### Work required:
Tell how many lines of the data below have the string "Cortar" in them. Say nothing more.

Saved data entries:
::::::::::
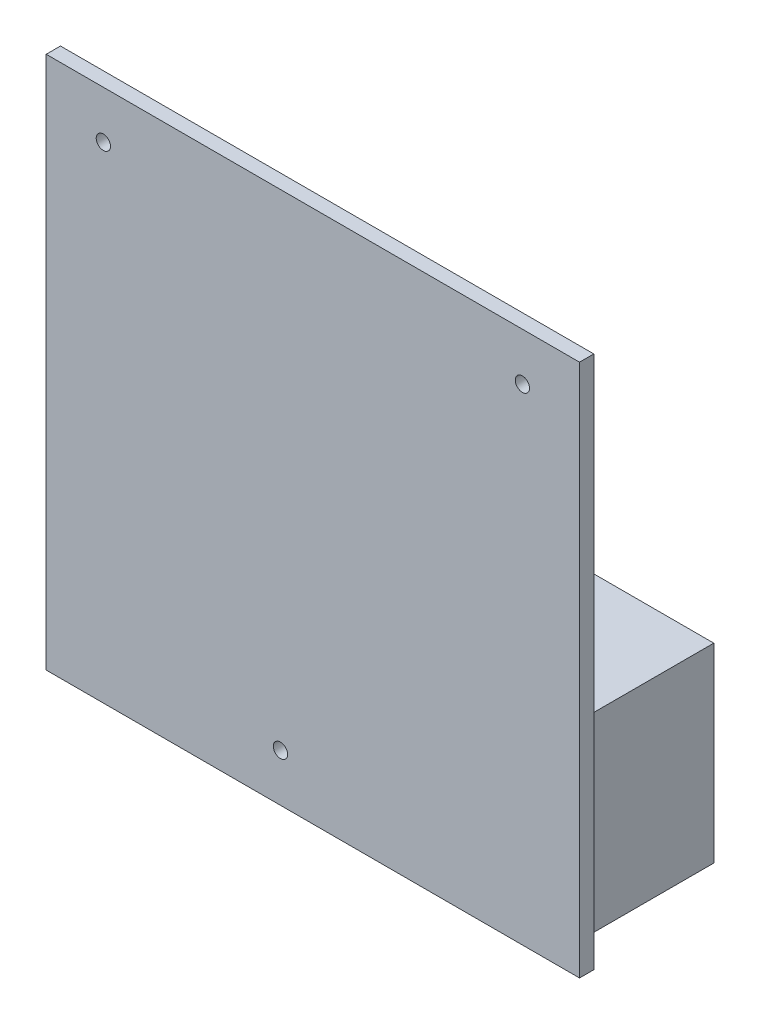
SolidWorks part; units mm, degrees
ref_plane "Alzado" through (0, 0, 0) normal (0, 0, 1) x (1, 0, 0)
ref_plane "Planta" through (0, 0, 0) normal (0, 1, 0) x (1, 0, 0)
ref_plane "Vista lateral" through (0, 0, 0) normal (1, 0, 0) x (0, 0, -1)
sketch "Croquis1" plane through (0, 0, 0) normal (0, 0, 1) x (1, 0, 0)
  line L1 (-56, -56) -> (56, -56)
  line L2 (-56, -56) -> (-56, 56)
  line L3 (-56, 56) -> (56, 56)
  line L4 (56, -56) -> (56, 56)
  line L5 (-56, -56) -> (56, 56) construction
  line L6 (-56, 56) -> (56, -56) construction
  point P0 (0, 0)
  dimension "D1" = 112
  dimension "D2" = 112
extrude "Saliente-Extruir1" add sketch "Croquis1" along normal blind 3
sketch "Croquis2" plane through (0, 0, 3) normal (0, 0, 1) x (1, 0, 0)
  line L0 (56, -56) -> (49.197, -56)
  line L1 (-56, -56) -> (56, -56) construction
  line L3 (49.197, -56) -> (-0.803, -56)
  line L4 (49.197, -56) -> (49.197, -16)
  line L5 (49.197, -16) -> (-0.803, -16)
  line L6 (-0.803, -56) -> (-0.803, -16)
  line M7 (-56, -56) -> (56, -56)
  dimension "D1" = 6.803
  dimension "D2" = 40
  dimension "D3" = 50
extrude "Saliente-Extruir2" add sketch "Croquis2" along normal blind 32 contours L6 L4 L5 M7
sketch "Croquis3" plane through (0, 0, 3) normal (0, 0, 1) x (1, 0, 0)
  line L0 (-42, -56) -> (-42, -17.5)
  line L1 (-56, -56) -> (-0.803, -56) construction
  line L2 (-52, -17.5) -> (-32, -17.5)
  line L3 (-56, 56) -> (-56, -56) construction
  line L4 (-52, -17.5) -> (-52, 17.5)
  line L5 (-52, 17.5) -> (-32, 17.5)
  line L6 (-32, 17.5) -> (-32, -17.5)
  point P7 (-42, -17.5)
  dimension "D1" = 38.5
  dimension "D2" = 20
  dimension "D3" = 4
  dimension "D4" = 35
extrude "Saliente-Extruir3" add sketch "Croquis3" along normal blind 18 contours L6 L2 L4 L5
sketch "Croquis4" plane through (0, 0, 21) normal (0, 0, 1) x (1, 0, 0)
  line L0 (-52, 15) -> (-34.5, 15)
  line L1 (-52, -17.5) -> (-52, 17.5) construction
  line L2 (-34.5, 15) -> (-34.5, -15)
  line L3 (-34.5, -15) -> (-52, -15)
  line L4 (-52, -17.5) -> (-52, 17.5) construction
  line L5 (-52, -15) -> (-52, 15)
  line L6 (-52, 17.5) -> (-32, 17.5) construction
  line L7 (-32, 17.5) -> (-32, -17.5) construction
  line L8 (-52, -17.5) -> (-32, -17.5) construction
  dimension "D1" = 2.5
  dimension "D2" = 2.5
  dimension "D3" = 2.5
extrude "Cortar-Extruir1" cut sketch "Croquis4" against normal blind 16
sketch "Croquis5" plane through (0, -17.5, 0) normal (0, -1, 0) x (1, 0, 0)
  line L0 (-52, 3) -> (-52, 11)
  line L1 (-52, 21) -> (-52, 3) construction
  line L2 (-52, 11) -> (-34.0003, 21)
  line L3 (-52, 21) -> (-32, 21) construction
  line L4 (-34.0003, 21) -> (-52, 21)
  line L5 (-52, 21) -> (-52, 11)
  line M5 (-32, 21) -> (-52, 21)
  line M6 (-52, 21) -> (-52, 3)
  dimension "D1" = 8
  dimension "D2" = 20.591
extrude "Cortar-Extruir2" cut sketch "Croquis5" against normal blind 46 contours L2 M6 M5
sketch "Croquis6" plane through (0, 0, 3) normal (0, 0, 1) x (1, 0, 0)
  line L0 (-56, 56) -> (-56, -56) construction
  line L1 (56, 56) -> (-56, 56) construction
  line L2 (-0.803, -56) -> (-0.803, -16) construction
  line L3 (-56, -56) -> (-0.803, -56) construction
  circle A0 centre (-44, 46) radius 1.5
  circle A1 centre (44, 46) radius 1.5
  circle A2 centre (-6.803, -46) radius 1.5
  dimension "D1" = 12
  dimension "D4" = 3
  dimension "D6" = 10
  dimension "D2" = 88
  dimension "D3" = 10
  dimension "D5" = 6
extrude "Cortar-Extruir3" cut sketch "Croquis6" against normal blind 46
mirror "Simetría1" about plane through (0, 0, 0) normal (0, 0, -1) of "Saliente-Extruir1", "Saliente-Extruir2", "Saliente-Extruir3", "Cortar-Extruir1", "Cortar-Extruir2", "Cortar-Extruir3"
sketch "Croquis7" plane through (56, 0, 0) normal (1, 0, 0) x (0, 0, -1)
  line L0 (3, 56) -> (0, 56)
  line L1 (-3, 56) -> (3, 56) construction
  line L2 (0, 56) -> (0, -56)
  line L3 (-3, -56) -> (3, -56) construction
  line L4 (0, -56) -> (-62.8748, -56)
  line L5 (-62.8748, -56) -> (-62.8748, 56)
  line L6 (-62.8748, 56) -> (0, 56)
  line M4 (-3, 56) -> (-3, -56)
extrude "Cortar-Extruir4" cut sketch "Croquis7" against normal blind 160 contours L6 L5 L4 M4
sketch "Croquis8" plane through (56, 0, 0) normal (1, 0, 0) x (0, 0, -1)
  line L0 (3, 56) -> (0, 56)
  line L1 (-3, 56) -> (3, 56) construction
  line L2 (0, 56) -> (0, -56)
  line L3 (-3, -56) -> (3, -56) construction
  line L4 (0, -56) -> (-11.646, -56)
  line L5 (-11.646, -56) -> (-11.646, 56)
  line L6 (-11.646, 56) -> (0, 56)
  line M1 (-3, -56) -> (3, -56)
  line M3 (3, 56) -> (-3, 56)
  line M4 (-3, 56) -> (-3, -56)
extrude "Cortar-Extruir5" cut sketch "Croquis8" against normal blind 150 contours L6 L5 L4 M4 | L2 M3 M4 M1
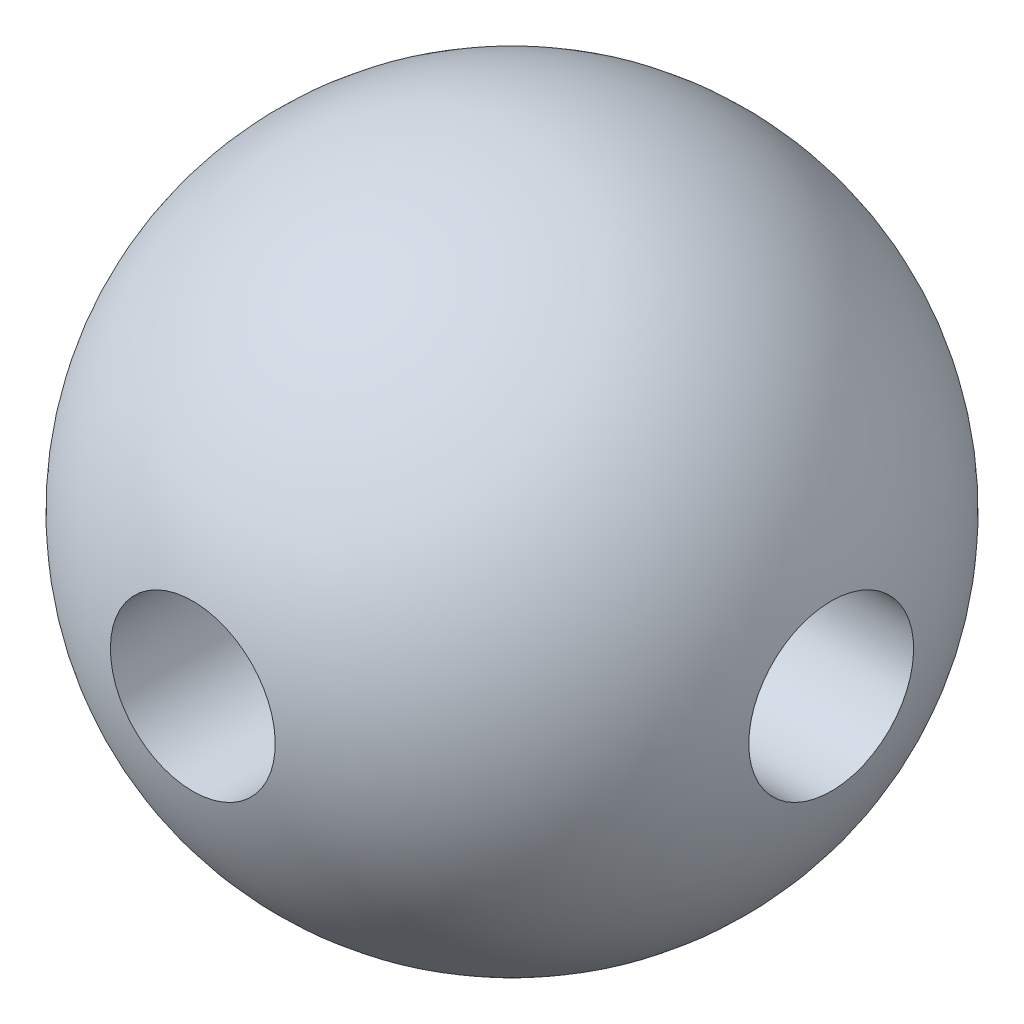
SolidWorks part; units mm, degrees
ref_plane "Front Plane" through (0, 0, 0) normal (0, 0, 1) x (1, 0, 0)
ref_plane "Top Plane" through (0, 0, 0) normal (0, 1, 0) x (1, 0, 0)
ref_plane "Right Plane" through (0, 0, 0) normal (1, 0, 0) x (0, 0, -1)
sketch "Sketch1" plane through (0, 0, 0) normal (0, 0, 1) x (1, 0, 0)
  line L0 (0, 3) -> (0, -3)
  circle A0 centre (0, 0) radius 3
  dimension "D1" = 6
revolve "Revolve1" add sketch "Sketch1" angle 360 about L0
sketch "Sketch2" plane through (0, 0, 0) normal (1, 0, 0) x (0, 0, -1)
  circle A0 centre (0, 0) radius 0.75
  dimension "D1" = 1.5
extrude "Cut-Extrude1" cut sketch "Sketch2" against normal through all both and the other way through all
sketch "Sketch3" plane through (0, 0, 0) normal (0, 0, 1) x (1, 0, 0)
  circle A0 centre (0, 0) radius 0.75
  dimension "D1" = 1.5
extrude "Cut-Extrude2" cut sketch "Sketch3" against normal through all both and the other way through all
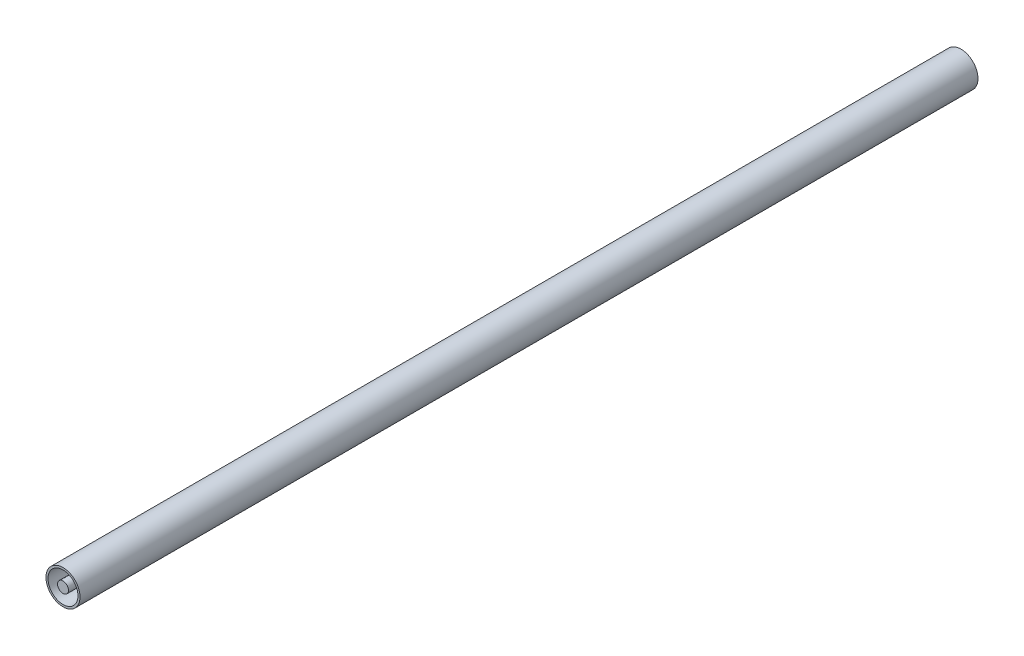
SolidWorks part; units mm, degrees
material "AISI Type 316L stainless steel"
ref_plane "Front Plane" through (0, 0, 0) normal (0, 0, 1) x (1, 0, 0)
ref_plane "Top Plane" through (0, 0, 0) normal (0, 1, 0) x (1, 0, 0)
ref_plane "Right Plane" through (0, 0, 0) normal (1, 0, 0) x (0, 0, -1)
sketch "Extrude sketch 1" plane through (0, 0, 0) normal (0, 0, 1) x (1, 0, 0)
  circle A0 centre (240, 0) radius 12.5
  circle A1 centre (240, 0) radius 11
  dimension "D1" = 22
  dimension "D2" = 25
extrude "Extrude 1" add sketch "Extrude sketch 1" along normal blind 659 from offset 350 separate body
sketch "Extrude sketch 2" plane through (0, 0, 0) normal (0, 0, 1) x (1, 0, 0)
  circle A0 centre (240, 0) radius 4
  dimension "D1" = 8
extrude "Extrude 2" add sketch "Extrude sketch 2" along normal blind 660 from offset 351 separate body
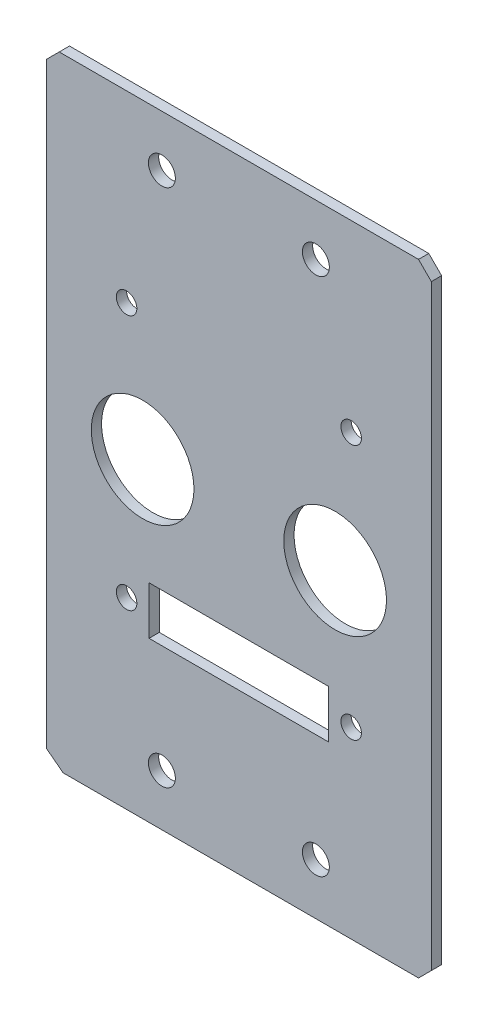
SolidWorks part; units mm, degrees
ref_plane "前视基准面" through (0, 0, 0) normal (0, 0, 1) x (1, 0, 0)
ref_plane "上视基准面" through (0, 0, 0) normal (0, 1, 0) x (1, 0, 0)
ref_plane "右视基准面" through (0, 0, 0) normal (1, 0, 0) x (0, 0, -1)
sketch "草图1" plane through (0, 0, 0) normal (0, 0, 1) x (1, 0, 0)
  line L0 (-92.1038, 0) -> (123.6031, 0) construction
  line L1 (-28, 48.5) -> (28, 48.5)
  line L2 (-30, 46.5) -> (-30, -46.5)
  line L3 (-27.3896, -48.5) -> (28, -48.5)
  line L4 (30, 46.5) -> (30, -46.5)
  line L5 (0, 53.0447) -> (0, -100.1676) construction
  line L6 (-35.7434, -19.9) -> (41.482, -19.9) construction
  line L7 (-30, 46.5) -> (-28, 48.5)
  line L8 (-14, -16.15) -> (14, -16.15)
  line L9 (-14, -16.15) -> (-14, -23.65)
  line L10 (-14, -23.65) -> (14, -23.65)
  line L11 (14, -16.15) -> (14, -23.65)
  line L12 (28, 48.5) -> (30, 46.5)
  line L13 (28, -48.5) -> (30, -46.5)
  line L14 (-30, -46.5) -> (-27.3896, -48.5)
  circle A0 centre (-15, 0) radius 8
  circle A1 centre (-17.5, 19.9) radius 1.6
  circle A2 centre (-12, 40.5) radius 2.1
  circle A3 centre (-17.5, -19.9) radius 1.6
  circle A4 centre (-12, -40.5) radius 2.1
  circle A5 centre (17.5, 19.9) radius 1.6
  circle A6 centre (12, 40.5) radius 2.1
  circle A7 centre (12, -40.5) radius 2.1
  circle A8 centre (17.5, -19.9) radius 1.6
  circle A9 centre (15, 0) radius 8
  dimension "D4" = 16
  dimension "D5" = 3.2
  dimension "D6" = 4.2
  dimension "D2" = 12
  dimension "D3" = 30
  dimension "D7" = 28.6
  dimension "D8" = 8
  dimension "D9" = 28
  dimension "D10" = 7.5
extrude "凸台-拉伸1" add sketch "草图1" along normal blind 1.6
::::::::::
### Written solution:
6